Artificial Intelligence & Machine Learning UESTCHN3002

  • Academic Session: 2023-24
  • School: School of Engineering
  • Credits: 10
  • Level: Level 3 (SCQF level 9)
  • Typically Offered: Semester 1
  • Available to Visiting Students: No

Short Description

This course introduces to AI (mainly optimization and machine learning) knowledge and its applications in electronics and electrical engineering. It also cultivates students' skills in modelling engineering problems through computer programmes, using software tools with AI/ML techniques embedded to solve them, and implementing fundamental AI/ML techniques through computer programmes. The course is also helpful for students' final year projects and employability.  

Timetable

The timetable will follow the block teaching model which is divided into 4 weeklong blocks over the full semester. During each block, 3 lectures each of 90 minutes, and a lab session of 90 minutes will be held.

Requirements of Entry

None

Excluded Courses

None

Co-requisites

None

Assessment

(a) Written Exam - 1 Final exam (75 %) This written exam will focus on AI knowledge and working principles of AI algorithms [ILO 1, 2]

(b) Lab Reports (15 %) - The lab reports will test the practical knowledge of employing and implementing AI algorithms, modelling electronics and electrical engineering problems by computer programmes, and assessing the result of the AI algorithms [ILO 3, 4]
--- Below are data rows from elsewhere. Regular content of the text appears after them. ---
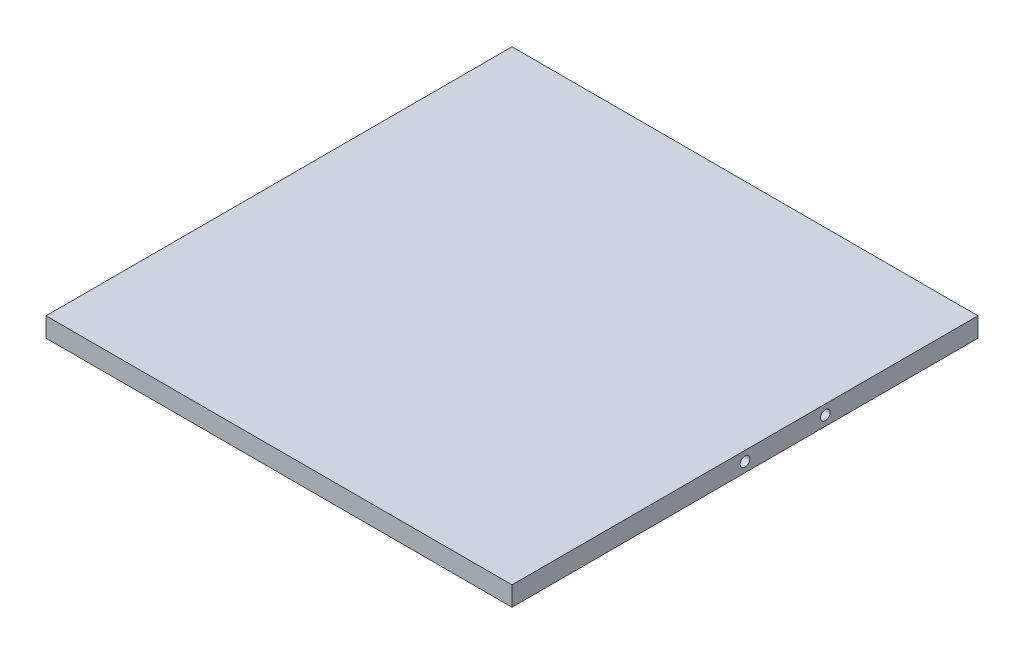
ISO-10303-21;
HEADER;
FILE_DESCRIPTION(('STEP AP214'),'2;1');
FILE_NAME('part.step','',(''),(''),'','','');
FILE_SCHEMA(('AUTOMOTIVE_DESIGN { 1 0 10303 214 1 1 1 1 }'));
ENDSEC;
DATA;
#1=APPLICATION_CONTEXT('core data for automotive mechanical design processes');
#2=APPLICATION_PROTOCOL_DEFINITION('international standard','automotive_design',2000,#1);
#3=PRODUCT_CONTEXT('',#1,'mechanical');
#4=PRODUCT('Part','Part','',(#3));
#5=PRODUCT_RELATED_PRODUCT_CATEGORY('part','',(#4));
#6=PRODUCT_DEFINITION_FORMATION('','',#4);
#7=PRODUCT_DEFINITION_CONTEXT('part definition',#1,'design');
#8=PRODUCT_DEFINITION('design','',#6,#7);
#9=PRODUCT_DEFINITION_SHAPE('','',#8);
#10=(LENGTH_UNIT() NAMED_UNIT(*) SI_UNIT(.MILLI.,.METRE.));
#11=(NAMED_UNIT(*) PLANE_ANGLE_UNIT() SI_UNIT($,.RADIAN.));
#12=(NAMED_UNIT(*) SI_UNIT($,.STERADIAN.) SOLID_ANGLE_UNIT());
#13=UNCERTAINTY_MEASURE_WITH_UNIT(LENGTH_MEASURE(1.E-05),#10,'distance_accuracy_value','');
#14=(GEOMETRIC_REPRESENTATION_CONTEXT(3) GLOBAL_UNCERTAINTY_ASSIGNED_CONTEXT((#13)) GLOBAL_UNIT_ASSIGNED_CONTEXT((#10,
#11,#12)) REPRESENTATION_CONTEXT('',''));
#15=CARTESIAN_POINT('',(0.,0.,0.));
#16=DIRECTION('',(0.,0.,1.));
#17=DIRECTION('',(1.,0.,0.));
#18=AXIS2_PLACEMENT_3D('',#15,#16,#17);
#19=CARTESIAN_POINT('',(-250.84019138756,12.7,-154.952153110048));
#20=DIRECTION('',(1.,0.,0.));
#21=DIRECTION('',(0.,0.,-1.));
#22=AXIS2_PLACEMENT_3D('',#19,#20,#21);
#23=PLANE('',#22);
#24=CARTESIAN_POINT('',(-250.84019138756,6.35,-55.1089825919136));
#25=DIRECTION('',(-1.,0.,0.));
#26=DIRECTION('',(0.,0.,1.));
#27=AXIS2_PLACEMENT_3D('',#24,#25,#26);
#28=CIRCLE('',#27,3.175);
#29=CARTESIAN_POINT('',(-250.84019138756,6.35,-51.9339825919136));
#30=VERTEX_POINT('',#29);
#31=EDGE_CURVE('E115',#30,#30,#28,.T.);
#32=ORIENTED_EDGE('',*,*,#31,.F.);
#33=EDGE_LOOP('',(#32));
#34=FACE_BOUND('',#33,.T.);
#35=CARTESIAN_POINT('',(-250.84019138756,6.35,-2.55215311004778));
#36=DIRECTION('',(1.,0.,0.));
#37=DIRECTION('',(0.,0.,-1.));
#38=AXIS2_PLACEMENT_3D('',#35,#36,#37);
#39=CIRCLE('',#38,3.175);
#40=CARTESIAN_POINT('',(-250.84019138756,6.35,-5.72715311004778));
#41=VERTEX_POINT('',#40);
#42=EDGE_CURVE('E98',#41,#41,#39,.T.);
#43=ORIENTED_EDGE('',*,*,#42,.T.);
#44=EDGE_LOOP('',(#43));
#45=FACE_BOUND('',#44,.T.);
#46=DIRECTION('',(0.,0.,1.));
#47=VECTOR('',#46,1.);
#48=CARTESIAN_POINT('',(-250.84019138756,0.,-154.952153110048));
#49=LINE('',#48,#47);
#50=CARTESIAN_POINT('',(-250.84019138756,0.,-154.952153110048));
#51=VERTEX_POINT('',#50);
#52=CARTESIAN_POINT('',(-250.84019138756,0.,149.847846889952));
#53=VERTEX_POINT('',#52);
#54=EDGE_CURVE('E95',#51,#53,#49,.T.);
#55=ORIENTED_EDGE('',*,*,#54,.T.);
#56=DIRECTION('',(0.,-1.,0.));
#57=VECTOR('',#56,1.);
#58=CARTESIAN_POINT('',(-250.84019138756,12.7,149.847846889952));
#59=LINE('',#58,#57);
#60=CARTESIAN_POINT('',(-250.84019138756,12.7,149.847846889952));
#61=VERTEX_POINT('',#60);
#62=EDGE_CURVE('E11',#61,#53,#59,.T.);
#63=ORIENTED_EDGE('',*,*,#62,.F.);
#64=DIRECTION('',(0.,0.,1.));
#65=VECTOR('',#64,1.);
#66=CARTESIAN_POINT('',(-250.84019138756,12.7,-154.952153110048));
#67=LINE('',#66,#65);
#68=CARTESIAN_POINT('',(-250.84019138756,12.7,-154.952153110048));
#69=VERTEX_POINT('',#68);
#70=EDGE_CURVE('E83',#69,#61,#67,.T.);
#71=ORIENTED_EDGE('',*,*,#70,.F.);
#72=DIRECTION('',(0.,-1.,0.));
#73=VECTOR('',#72,1.);
#74=CARTESIAN_POINT('',(-250.84019138756,12.7,-154.952153110048));
#75=LINE('',#74,#73);
#76=EDGE_CURVE('E91',#69,#51,#75,.T.);
#77=ORIENTED_EDGE('',*,*,#76,.T.);
#78=EDGE_LOOP('',(#55,#63,#71,#77));
#79=FACE_BOUND('',#78,.T.);
#80=ADVANCED_FACE('F32',(#34,#45,#79),#23,.F.);
#81=CARTESIAN_POINT('',(-250.84019138756,12.7,149.847846889952));
#82=DIRECTION('',(0.,0.,-1.));
#83=DIRECTION('',(-1.,0.,0.));
#84=AXIS2_PLACEMENT_3D('',#81,#82,#83);
#85=PLANE('',#84);
#86=DIRECTION('',(1.,0.,0.));
#87=VECTOR('',#86,1.);
#88=CARTESIAN_POINT('',(-250.84019138756,0.,149.847846889952));
#89=LINE('',#88,#87);
#90=CARTESIAN_POINT('',(53.9598086124403,0.,149.847846889952));
#91=VERTEX_POINT('',#90);
#92=EDGE_CURVE('E87',#53,#91,#89,.T.);
#93=ORIENTED_EDGE('',*,*,#92,.T.);
#94=DIRECTION('',(0.,-1.,0.));
#95=VECTOR('',#94,1.);
#96=CARTESIAN_POINT('',(53.9598086124403,12.7,149.847846889952));
#97=LINE('',#96,#95);
#98=CARTESIAN_POINT('',(53.9598086124403,12.7,149.847846889952));
#99=VERTEX_POINT('',#98);
#100=EDGE_CURVE('E40',#99,#91,#97,.T.);
#101=ORIENTED_EDGE('',*,*,#100,.F.);
#102=DIRECTION('',(1.,0.,0.));
#103=VECTOR('',#102,1.);
#104=CARTESIAN_POINT('',(-250.84019138756,12.7,149.847846889952));
#105=LINE('',#104,#103);
#106=EDGE_CURVE('E78',#61,#99,#105,.T.);
#107=ORIENTED_EDGE('',*,*,#106,.F.);
#108=ORIENTED_EDGE('',*,*,#62,.T.);
#109=EDGE_LOOP('',(#93,#101,#107,#108));
#110=FACE_BOUND('',#109,.T.);
#111=ADVANCED_FACE('F86',(#110),#85,.F.);
#112=CARTESIAN_POINT('',(53.9598086124403,12.7,-154.952153110048));
#113=DIRECTION('',(-1.,0.,0.));
#114=DIRECTION('',(0.,0.,1.));
#115=AXIS2_PLACEMENT_3D('',#112,#113,#114);
#116=PLANE('',#115);
#117=CARTESIAN_POINT('',(53.9598086124403,6.35,-55.1089825919136));
#118=DIRECTION('',(-1.,0.,0.));
#119=DIRECTION('',(0.,0.,1.));
#120=AXIS2_PLACEMENT_3D('',#117,#118,#119);
#121=CIRCLE('',#120,3.175);
#122=CARTESIAN_POINT('',(53.9598086124403,6.35,-51.9339825919136));
#123=VERTEX_POINT('',#122);
#124=EDGE_CURVE('E112',#123,#123,#121,.T.);
#125=ORIENTED_EDGE('',*,*,#124,.T.);
#126=EDGE_LOOP('',(#125));
#127=FACE_BOUND('',#126,.T.);
#128=CARTESIAN_POINT('',(53.9598086124403,6.35,-2.55215311004778));
#129=DIRECTION('',(1.,0.,0.));
#130=DIRECTION('',(0.,0.,-1.));
#131=AXIS2_PLACEMENT_3D('',#128,#129,#130);
#132=CIRCLE('',#131,3.175);
#133=CARTESIAN_POINT('',(53.9598086124403,6.35,-5.72715311004778));
#134=VERTEX_POINT('',#133);
#135=EDGE_CURVE('E109',#134,#134,#132,.T.);
#136=ORIENTED_EDGE('',*,*,#135,.F.);
#137=EDGE_LOOP('',(#136));
#138=FACE_BOUND('',#137,.T.);
#139=DIRECTION('',(0.,0.,-1.));
#140=VECTOR('',#139,1.);
#141=CARTESIAN_POINT('',(53.9598086124403,0.,-154.952153110048));
#142=LINE('',#141,#140);
#143=CARTESIAN_POINT('',(53.9598086124403,0.,-154.952153110048));
#144=VERTEX_POINT('',#143);
#145=EDGE_CURVE('E65',#91,#144,#142,.T.);
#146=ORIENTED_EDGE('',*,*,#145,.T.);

(c) Project Output (10 %) - Results of the final AI-driven design project will be assessed [ILOs 2, 3, 4]

Main Assessment In: December

Course Aims

This course aims to introduce fundamental concepts in AI (mainly optimization and machine learning) and equip students with popular AI algorithms, cultivate the ability to implement standard AI algorithms through computer programmes, and the ability to select and employ AI algorithms to solve engineering problems using existing AI tools/toolboxes and analysing the result. 

Intended Learning Outcomes of Course

By the end of this course students will be able to:

■ demonstrate their understanding of fundamental AI (mainly optimization and machine learning) concepts

■ demonstrate their understanding of the working principles of AI algorithms for classification, regression, optimisation, and clustering;

■ develop, implement, and critically evaluate the performance of AI/ML algorithms.

■ model engineering problems and link them with AI techniques by computer programmes. Make an appropriate selection of AI techniques to solve engineering problems and analyse the result properly with the awareness of security risks.

Minimum Requirement for Award of Credits

Students must submit at least 75% by weight of the components (including examinations) of the course's summative assessment. Also, students must attend the timetabled laboratory classes and must submit work for assessment for the course laboratory and project.

Students should attend at least 75% of the timetabled classes of the course.

 

Note that these are minimum requirements: good students will achieve far higher participation/submission rates. Any student who misses an assessment or a significant number of classes because of illness or other good cause should report this by completing a MyCampus absence report.